Making biomedical science fiction a reality
Beth Shields distinctly remembers the first time she watched the scene at the end of Star Wars: The Empire Strikes Back where Luke Skywalker is outfitted with a prosthetic hand. For Shields, it was more than just a cliffhanger ending to a classic sci-fi movie—it was a transformative experience that piqued her interest in biomedical engineering.
Fast forward 20 years and Shields, S.B. ’10, is now a principle systems engineer at the medical technology firm Medtronic, where instead of creating prosthetics for Jedi, she is developing robotic platforms that which enable surgeons to operate while sitting at a console.

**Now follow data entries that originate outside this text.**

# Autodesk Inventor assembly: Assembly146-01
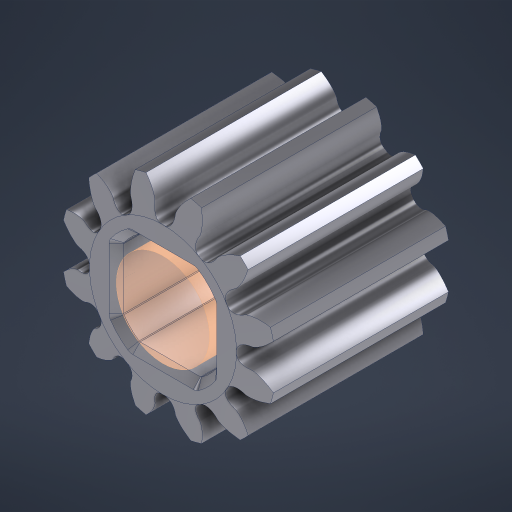
[picture p0: Inventor's stored thumbnail of the model, 512x512]
Saved by Autodesk Inventor 2024 (Build 280153000, 153)
## iProperties
Created: 2022-08-02
Part Number: Assembly146-01
Document SubType Name: Assembly
Designer: ylu12
Author: ylu12
## Documents named in this file (3)
- C:\Users\avere\Documents\rbp_cad\VEX-CAD-Inventor-1.41\Motion\Gears\HS Gear\HS 12T Gear, No Insert.iam
- C:\Users\avere\Documents\rbp_cad\VEX-CAD-Inventor-1.41\Motion\Gears\Reference Files\HS 12T Gear, No Insert.ipt
- C:\Users\avere\Documents\rbp_cad\VEX-CAD-Inventor-1.41\Motion\Gears\HS Gear.iam
## Components (1 placed, 1 different names)
1. 12T — Mate:5, Mate:6, Flush:3
## Relationships (3: Mate 2, Flush 1)
- Mate:5: 12T
- Mate:6: 12T
- Flush:3: 12T
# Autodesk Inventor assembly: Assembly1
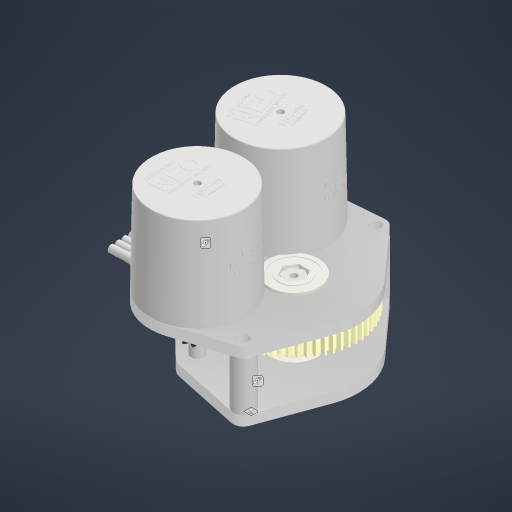
[picture p0: Inventor's stored thumbnail of the model, 512x512]
Saved by Autodesk Inventor 2024.3 (Build 283343000, 343)
## iProperties
Created: 2024-11-01
Part Number: Assembly1
Document SubType Name: Assembly
Designer: kaito
Author: kaito
## Documents named in this file (9)
- C:\Users\kaito\OneDrive\Documents\GitHub\1622-2024-Assignments\Kaito Kubota-Valme\Gearbox 2 v.2\Assembly1.iam
- C:\Users\kaito\OneDrive\Documents\GitHub\1622-2024-Assignments\Kaito Kubota-Valme\Gearbox 2 v.2\Bottom Plate.ipt
- C:\Users\kaito\OneDrive\Documents\GitHub\1622-2024-Assignments\Kaito Kubota-Valme\Gearbox 2 v.2\Part1.ipt
- C:\Users\kaito\OneDrive\Desktop\COTS Library\Motion\Bearings\COTS_WCP-0783_1.125ODHexBearing.ipt
- C:\Users\kaito\OneDrive\Desktop\COTS Library\Motion\Gears\Motor Gears\COTS_217-6334_10T20DPMotorGear.ipt
- C:\Users\kaito\Downloads\REV-21-1650-V1.1\REV-21-1650-V1.1\REV-21-1650-V1.1.ipt
- C:\Users\kaito\OneDrive\Documents\GitHub\1622-2024-Assignments\Kaito Kubota-Valme\Gearbox 2 v.2\Standoff.ipt
- C:\Users\kaito\OneDrive\Documents\GitHub\1622-2024-Assignments\Kaito Kubota-Valme\Gearbox 2 v.2\Hex Shaft.ipt
- C:\Users\kaito\Downloads\WCP-0720 (2)\WCP-0720 (2)\WCP-0720 (2).ipt
## Components (13 placed, 8 different names)
1. Bottom Plate:1 — Mate:5, Mate:15, Mate:16, Mate:17, Mate:19, Mate:21, Mate:24, Mate:25
2. Part1:1 — Mate:2, Mate:3, Mate:5, Mate:6, Mate:7, Mate:8, Mate:9, Mate:10, Mate:12, Mate:14, Mate:17, Mate:18, Mate:20, Mate:22, Mate:23
3. COTS_WCP-0783_1.125ODHexBearing:1 — Mate:2, Mate:3, Mate:28
4. COTS_217-6334_10T20DPMotorGear:1 — Mate:13, Mate:14
5. COTS_217-6334_10T20DPMotorGear:2 — Mate:11, Mate:12
6. REV-21-1650-V1.1:1 — Mate:6, Mate:7, Mate:8, Mate:11
7. REV-21-1650-V1.1:2 — Mate:9, Mate:10, Mate:13, Mate:23
8. Standoff:1 — Mate:21, Mate:22
9. Standoff:2 — Mate:15, Mate:16, Mate:18
10. Standoff:3 — Mate:19, Mate:20
11. Hex Shaft:1 — Mate:26, Flush:1, Mate:27
12. COTS_WCP-0783_1.125ODHexBearing:2 — Mate:24, Mate:25, Mate:26, Flush:1
13. WCP-0720 (2):1 — Mate:27, Mate:28
## Relationships (27: Mate 26, Flush 1)
- Mate:2: Part1:1 ↔ COTS_WCP-0783_1.125ODHexBearing:1
- Mate:3: Part1:1 ↔ COTS_WCP-0783_1.125ODHexBearing:1
- Mate:5: Bottom Plate:1 ↔ Part1:1
- Mate:6: Part1:1 ↔ REV-21-1650-V1.1:1
- Mate:7: Part1:1 ↔ REV-21-1650-V1.1:1
- Mate:8: Part1:1 ↔ REV-21-1650-V1.1:1
- Mate:9: Part1:1 ↔ REV-21-1650-V1.1:2
- Mate:10: Part1:1 ↔ REV-21-1650-V1.1:2
- Mate:11: COTS_217-6334_10T20DPMotorGear:2 ↔ REV-21-1650-V1.1:1
- Mate:12: Part1:1 ↔ COTS_217-6334_10T20DPMotorGear:2
- Mate:13: COTS_217-6334_10T20DPMotorGear:1 ↔ REV-21-1650-V1.1:2
- Mate:14: Part1:1 ↔ COTS_217-6334_10T20DPMotorGear:1
- Mate:15: Bottom Plate:1 ↔ Standoff:2
- Mate:16: Bottom Plate:1 ↔ Standoff:2
- Mate:17: Bottom Plate:1 ↔ Part1:1
- Mate:18: Part1:1 ↔ Standoff:2
- Mate:19: Bottom Plate:1 ↔ Standoff:3
- Mate:20: Part1:1 ↔ Standoff:3
- Mate:21: Bottom Plate:1 ↔ Standoff:1
- Mate:22: Part1:1 ↔ Standoff:1
- Mate:23: Part1:1 ↔ REV-21-1650-V1.1:2
- Mate:24: Bottom Plate:1 ↔ COTS_WCP-0783_1.125ODHexBearing:2
- Mate:25: Bottom Plate:1 ↔ COTS_WCP-0783_1.125ODHexBearing:2
- Mate:26: Hex Shaft:1 ↔ COTS_WCP-0783_1.125ODHexBearing:2
- Flush:1: Hex Shaft:1 ↔ COTS_WCP-0783_1.125ODHexBearing:2
- Mate:27: Hex Shaft:1 ↔ WCP-0720 (2):1
- Mate:28: COTS_WCP-0783_1.125ODHexBearing:1 ↔ WCP-0720 (2):1

The robotic platforms provide ergonomic benefits that can make clinicians more efficient, while improving the precision with which they can operate, Shields explained.
“I really enjoy being connected to the patients and envisioning the improvements we are going to be able to make to surgical procedures,” she said. “Pushing the boundaries of surgery into the future is the most rewarding aspect of my work.”
As principle systems engineer, Shields’ role is to bridge the gap between the systems engineering and software engineering groups. She works closely with customers to identify their needs, and coordinates with clinical teams to iron out the medical implications. Translating that information, she works with hardware and software groups to evaluate tradeoffs and make design decisions to create the safest and most effective product for patients.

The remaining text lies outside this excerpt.